[How to complete this task] Repeat the stretch of entries below from the line with "- added R10, R12, R13, R6, R9: 10k, resistor:R0805" through the line with "- removed net N$10: TP2.TP, U$1.ALARM". Include both ends and add nothing.

══ Data supplied ══

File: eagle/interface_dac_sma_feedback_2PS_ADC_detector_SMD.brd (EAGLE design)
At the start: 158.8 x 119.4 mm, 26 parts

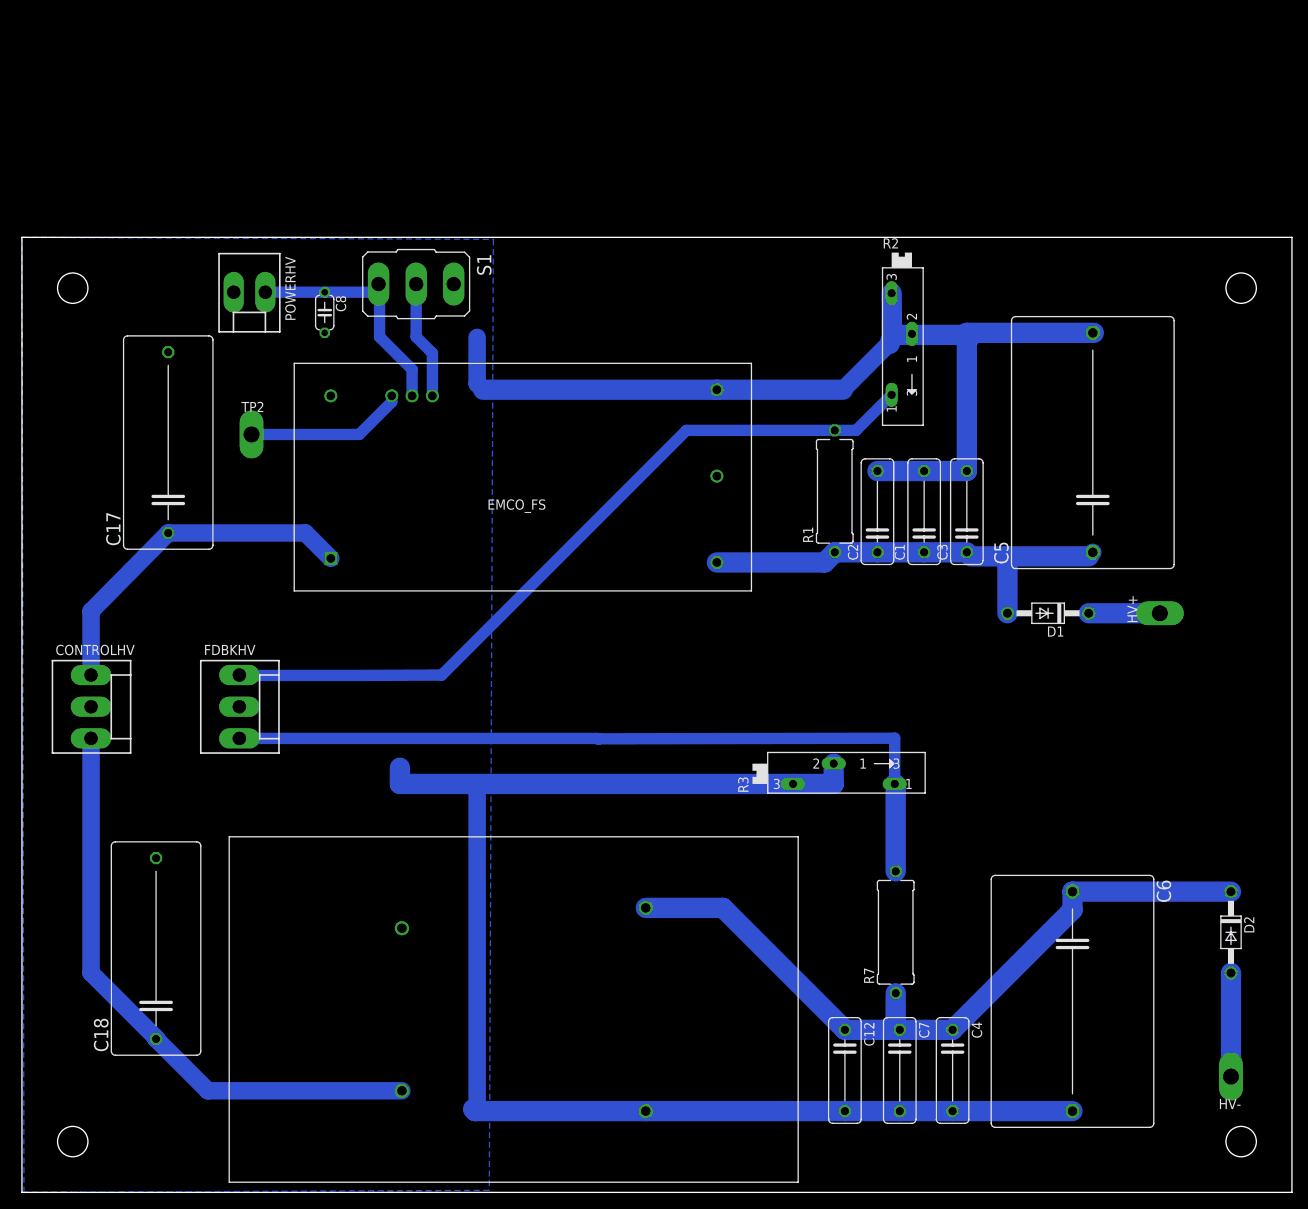
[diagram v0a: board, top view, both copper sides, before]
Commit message: Square wave one side/dc other
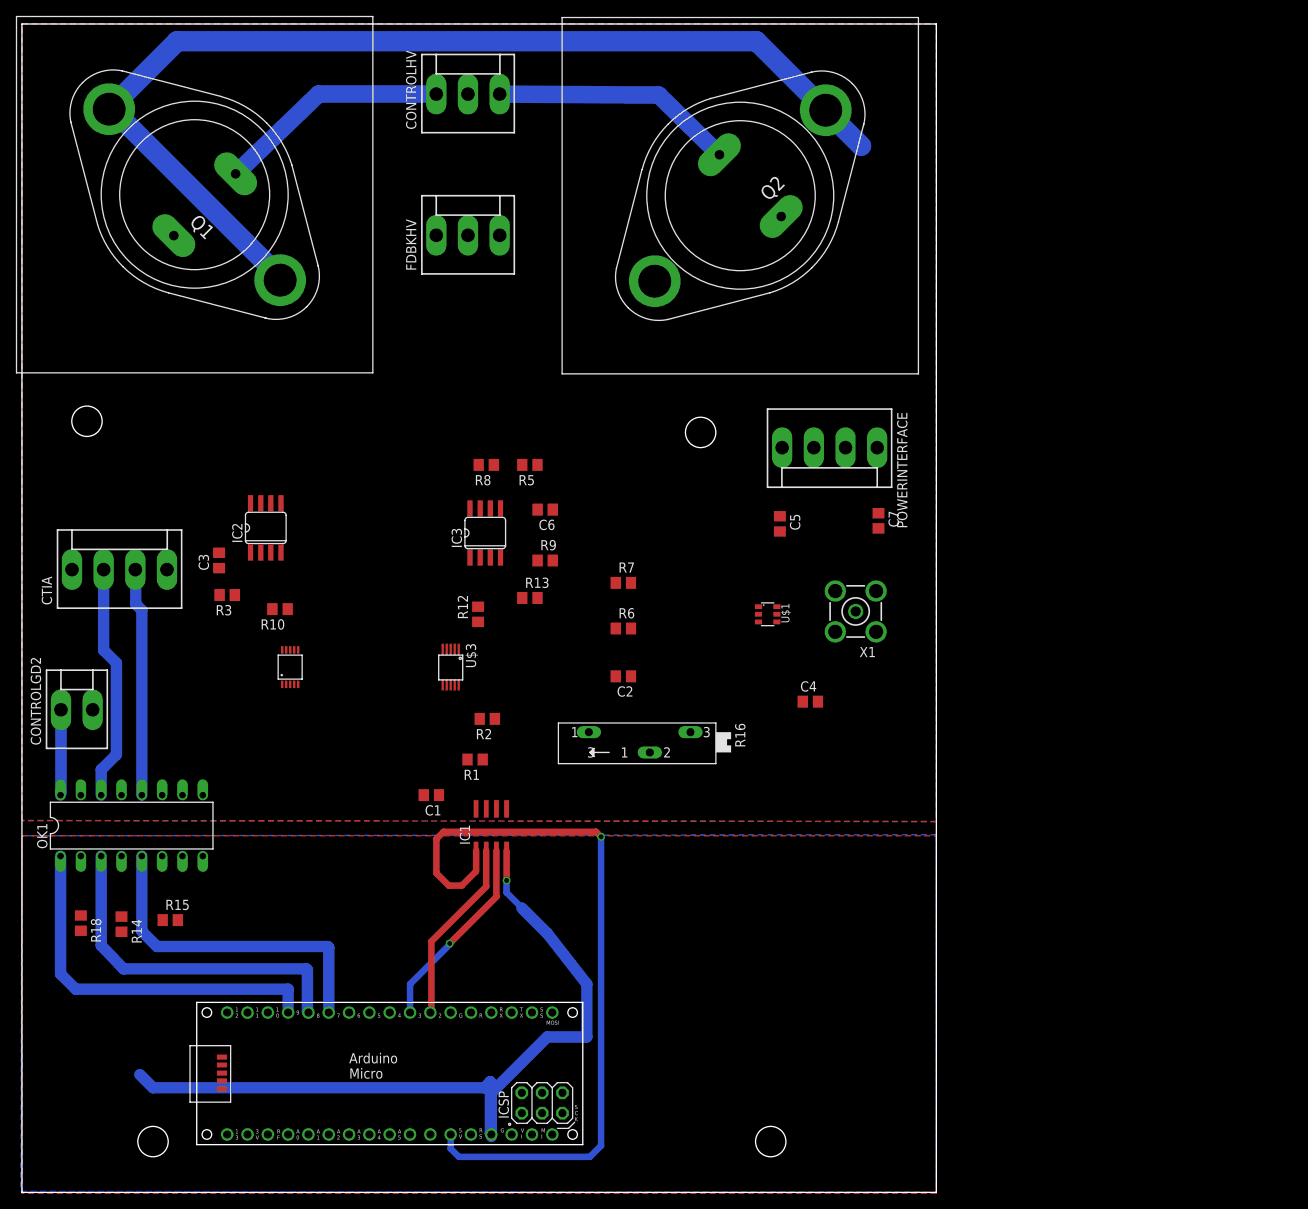
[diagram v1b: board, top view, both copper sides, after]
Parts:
- removed C12: .01u, rcl:C102-043X133
- removed C17, C18: .1u, rcl:C225-113X268
- removed C8: 10n, rcl:C050-024X044
- removed D1, D2: 1N4004, diode:DO41-10
- removed HV+, HV-: TPPAD1-20Y, testpad:P1-20Y
- removed POWERHV: (no value), con-molex:KK-156-2
- removed S1: (no value), switch:M9040P
- removed TP2: PTR1PAD1-20Y, testpad:P1-20Y
- added CONTROLGD2: (no value), con-molex:KK-156-2
- added CTIA, POWERINTERFACE: (no value), con-molex:KK-156-4
- added IC1: ISO1540SMD, texas:SOIC8
- added IC2, IC3: LT1352SA, linear-technology:SO08
- added OK1: PS2501", optocoupler:DIL16
- added PCB1: ARDUINO_MICRO, E14_Arduino_published:ARDUINO_MICRO
- added Q1, Q2: 2N3055, transistor-npn:TO3
- added R10, R12, R13, R6, R9: 10k, resistor:R0805
- added R14, R15, R18: 100, rcl:R0805
- added R16: 100k, pot:SP19L
- added R5, R8: 20k, resistor:R0805
- added U$3: ADS1015, texas:VSOP-10
- added X1: BU-SMA-V, con-coax:BU-SMA-V
- C1: value 1n -> 10n; device rcl:C102-043X133 -> rcl:C0805
- C2, C7: value 10p -> 10n; device rcl:C102-043X133 -> resistor:C0805
- C3: value .01u -> 10n; device rcl:C102-043X133 -> resistor:C0805
- C4: value 1n -> 10n; device rcl:C102-043X133 -> resistor:C0805
- C5, C6: value 1u -> 10n; device rcl:C275-205X316 -> resistor:C0805
- R1: value 2M -> 10k; device resistor:P0613/15 -> resistor:R0805
- R2, R3: value (none) -> 10k; device pot:SP19L -> resistor:R0805
- R7: value 2M -> 40k; device resistor:P0613/15 -> resistor:R0805
- U$1: value EMCO-FS10 -> LTC6992SMD; device dc-dc-converter:EMCO-FS -> linear-technology:SOT23-6
- U$2: value EMCO-F104PIN -> MCP4728; device dc-dc-converter:EMCO-F -> microchip:MSOP-10
- moved C3 93.7 mm to (24.6, 79.0)
- moved C6 90.1 mm to (65.4, 85.3), turned to 180 degrees
- moved CONTROLHV 89.9 mm to (55.8, 137.3), turned to 0 degrees
- moved R3 80.9 mm to (25.7, 74.7), turned to 180 degrees
- moved C1 71.1 mm to (51.2, 49.7), turned to 180 degrees
- moved R2 69.4 mm to (58.2, 59.2), turned to 180 degrees
- moved C7 68.8 mm to (107.1, 83.9)
- moved FDBKHV 65.5 mm to (55.8, 119.6), turned to 0 degrees
- moved U$1 59.3 mm to (93.2, 72.3), turned to 270 degrees
- moved R1 56.1 mm to (56.6, 54.1), turned to 180 degrees
- moved R7 55.4 mm to (75.2, 76.2), turned to 0 degrees
- moved U$2 54.8 mm to (33.5, 65.7), turned to 90 degrees
- moved C4 49.4 mm to (98.6, 61.3), turned to 0 degrees
- moved C5 40.4 mm to (94.7, 83.6), turned to 270 degrees
- moved C2 37.8 mm to (75.2, 64.5), turned to 180 degrees
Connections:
- removed net +5V: C8.1, POWERHV.1, S1.3, U$1.+5
- removed net N$10: TP2.TP, U$1.ALARM
- removed net N$15: C18.1, CONTROLHV.3, U$2.P$1
- new net +15V: C7.1, IC2.8, IC3.8, POWERINTERFACE.1, Q1.C, Q1.C/, Q2.C, Q2.C/
- new net -15V: C5.1, IC2.4, IC3.4, POWERINTERFACE.4
- new net A+5: IC1.1, PCB1.+5V
- new net AGND: IC1.4, PCB1.GND., R14.2, R15.2, R18.2
- new net CTIA: CTIA.4, U$3.AIN1
- new net D10: PCB1.D10
- new net D11: PCB1.D11
- new net D4: PCB1.D4
- new net D7: OK1.5, PCB1.D7
- new net D8: OK1.3, PCB1.D8
- new net ENSW2: CONTROLGD2.1, OK1.16
- new net N$12: R16.E, U$1.3
- new net N$14: IC3.7, R13.1, R8.2
- new net N$16: IC2.3, R10.2
- new net N$18: IC3.3, R12.2
- new net N$19: C3.2, IC2.1, Q1.B
- new net N$20: C6.1, R9.2
- new net N$21: C6.2, IC3.1, Q2.B
- new net N$23: IC3.6, R5.2, R8.1
- new net N$24: R10.1, U$2.P$9
- new net N$25: R12.1, U$2.P$7
- new net N$26: U$2.P$8
- new net N$7: OK1.2, R18.1
- new net PWM5: PCB1.D5
- new net PWM6: PCB1.D6
- new net PWM9: OK1.1, PCB1.D9
- new net RDBK1: FDBKHV.1, IC2.2, R3.1, U$3.AIN0
- new net RDBK3: IC3.2, R13.2, R9.1, U$3.AIN2
- new net RDBK4: C2.1, R6.2, R7.2, U$1.1, U$3.AIN3
- new net RESET: CTIA.3, OK1.12
- new net SAMPLE: CTIA.2, OK1.14
- new net SCL: IC1.3, PCB1.D3
- new net SCL_OUT: IC1.6, R2.1, U$2.P$2, U$3.SCL
- new net SDA: IC1.2, PCB1.D2
- new net SDA_OUT: IC1.7, R1.1, U$2.P$3, U$3.SDA
- new net VCC: C1.1, C4.1, IC1.8, POWERINTERFACE.2, R1.2, R2.2, U$1.5, U$2.P$1, U$3.VDD
- net GND: now also CONTROLGD2.2, CTIA.1, IC1.5, IC3.5, OK1.11, OK1.13, OK1.15, POWERINTERFACE.3, R16.A, R16.S, R6.1, U$1.2, U$1.4, U$2.P$10, U$2.P$4, U$3.ADDR, U$3.GND, X1.2, X1.3, X1.4, X1.5; no longer C12.2, C17.2, C18.2, C3.2, C6.2, C8.2, POWERHV.2, R2.E, R2.S, R3.E, R3.S, S1.1, U$1.-IN, U$1.-OUT, U$2.P$2, U$2.P$3
- net N$1: now also R7.1, U$2.P$6; no longer C1.1, C2.1, C3.1, C5.1, D1.A, R1.1, U$1.+OUT
- net N$13: now also U$1.6, X1.1; no longer C17.1, CONTROLHV.1, U$1.+IN
- net N$2: now also OK1.4, R14.1; no longer C12.1, C4.1, C6.1, C7.1, D2.C, R7.1, U$2.P$4
- net N$3: now also C3.1, R3.2; no longer FDBKHV.1, R1.2, R2.A
- net N$4: now also CONTROLHV.1, Q1.E; no longer D2.A, HV-.TP
- net N$5: now also CONTROLHV.3, Q2.E; no longer S1.2, U$1.DISABLE
- net N$6: now also OK1.6, R15.1; no longer D1.C, HV+.TP
- net N$8: now also R5.1; no longer R3.A, R7.2
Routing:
- net GND: track 340.8 -> 0.00 mm
- net +15V: track 0.00 -> 133.3 mm
- net AGND: track 0.00 -> 103.4 mm, vias 0 -> 1
- net N$8: track 98.9 -> 0.00 mm
- net N$3: track 96.1 -> 0.00 mm
- net A+5: track 0.00 -> 94.6 mm, vias 0 -> 1
- net N$2: track 92.5 -> 0.00 mm
- net N$15: track 74.5 -> 0.00 mm
- net N$1: track 55.0 -> 0.00 mm
- net PWM9: track 0.00 -> 46.9 mm
- net D8: track 0.00 -> 43.6 mm
- net N$13: track 43.4 -> 0.00 mm
- net D7: track 0.00 -> 41.7 mm
- net +5V: track 30.3 -> 0.00 mm
- net SAMPLE: track 0.00 -> 29.6 mm
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- added copper zone on layer 1, net AGND
- added copper zone on layer 16, net AGND
- added copper zone on layer 1, net GND
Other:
- board size 158.8 x 119.4 mm -> 114.3 x 146.1 mm

═══

[Exercise result]
- added R10, R12, R13, R6, R9: 10k, resistor:R0805
- added R14, R15, R18: 100, rcl:R0805
- added R16: 100k, pot:SP19L
- added R5, R8: 20k, resistor:R0805
- added U$3: ADS1015, texas:VSOP-10
- added X1: BU-SMA-V, con-coax:BU-SMA-V
- C1: value 1n -> 10n; device rcl:C102-043X133 -> rcl:C0805
- C2, C7: value 10p -> 10n; device rcl:C102-043X133 -> resistor:C0805
- C3: value .01u -> 10n; device rcl:C102-043X133 -> resistor:C0805
- C4: value 1n -> 10n; device rcl:C102-043X133 -> resistor:C0805
- C5, C6: value 1u -> 10n; device rcl:C275-205X316 -> resistor:C0805
- R1: value 2M -> 10k; device resistor:P0613/15 -> resistor:R0805
- R2, R3: value (none) -> 10k; device pot:SP19L -> resistor:R0805
- R7: value 2M -> 40k; device resistor:P0613/15 -> resistor:R0805
- U$1: value EMCO-FS10 -> LTC6992SMD; device dc-dc-converter:EMCO-FS -> linear-technology:SOT23-6
- U$2: value EMCO-F104PIN -> MCP4728; device dc-dc-converter:EMCO-F -> microchip:MSOP-10
- moved C3 93.7 mm to (24.6, 79.0)
- moved C6 90.1 mm to (65.4, 85.3), turned to 180 degrees
- moved CONTROLHV 89.9 mm to (55.8, 137.3), turned to 0 degrees
- moved R3 80.9 mm to (25.7, 74.7), turned to 180 degrees
- moved C1 71.1 mm to (51.2, 49.7), turned to 180 degrees
- moved R2 69.4 mm to (58.2, 59.2), turned to 180 degrees
- moved C7 68.8 mm to (107.1, 83.9)
- moved FDBKHV 65.5 mm to (55.8, 119.6), turned to 0 degrees
- moved U$1 59.3 mm to (93.2, 72.3), turned to 270 degrees
- moved R1 56.1 mm to (56.6, 54.1), turned to 180 degrees
- moved R7 55.4 mm to (75.2, 76.2), turned to 0 degrees
- moved U$2 54.8 mm to (33.5, 65.7), turned to 90 degrees
- moved C4 49.4 mm to (98.6, 61.3), turned to 0 degrees
- moved C5 40.4 mm to (94.7, 83.6), turned to 270 degrees
- moved C2 37.8 mm to (75.2, 64.5), turned to 180 degrees
Connections:
- removed net +5V: C8.1, POWERHV.1, S1.3, U$1.+5
- removed net N$10: TP2.TP, U$1.ALARM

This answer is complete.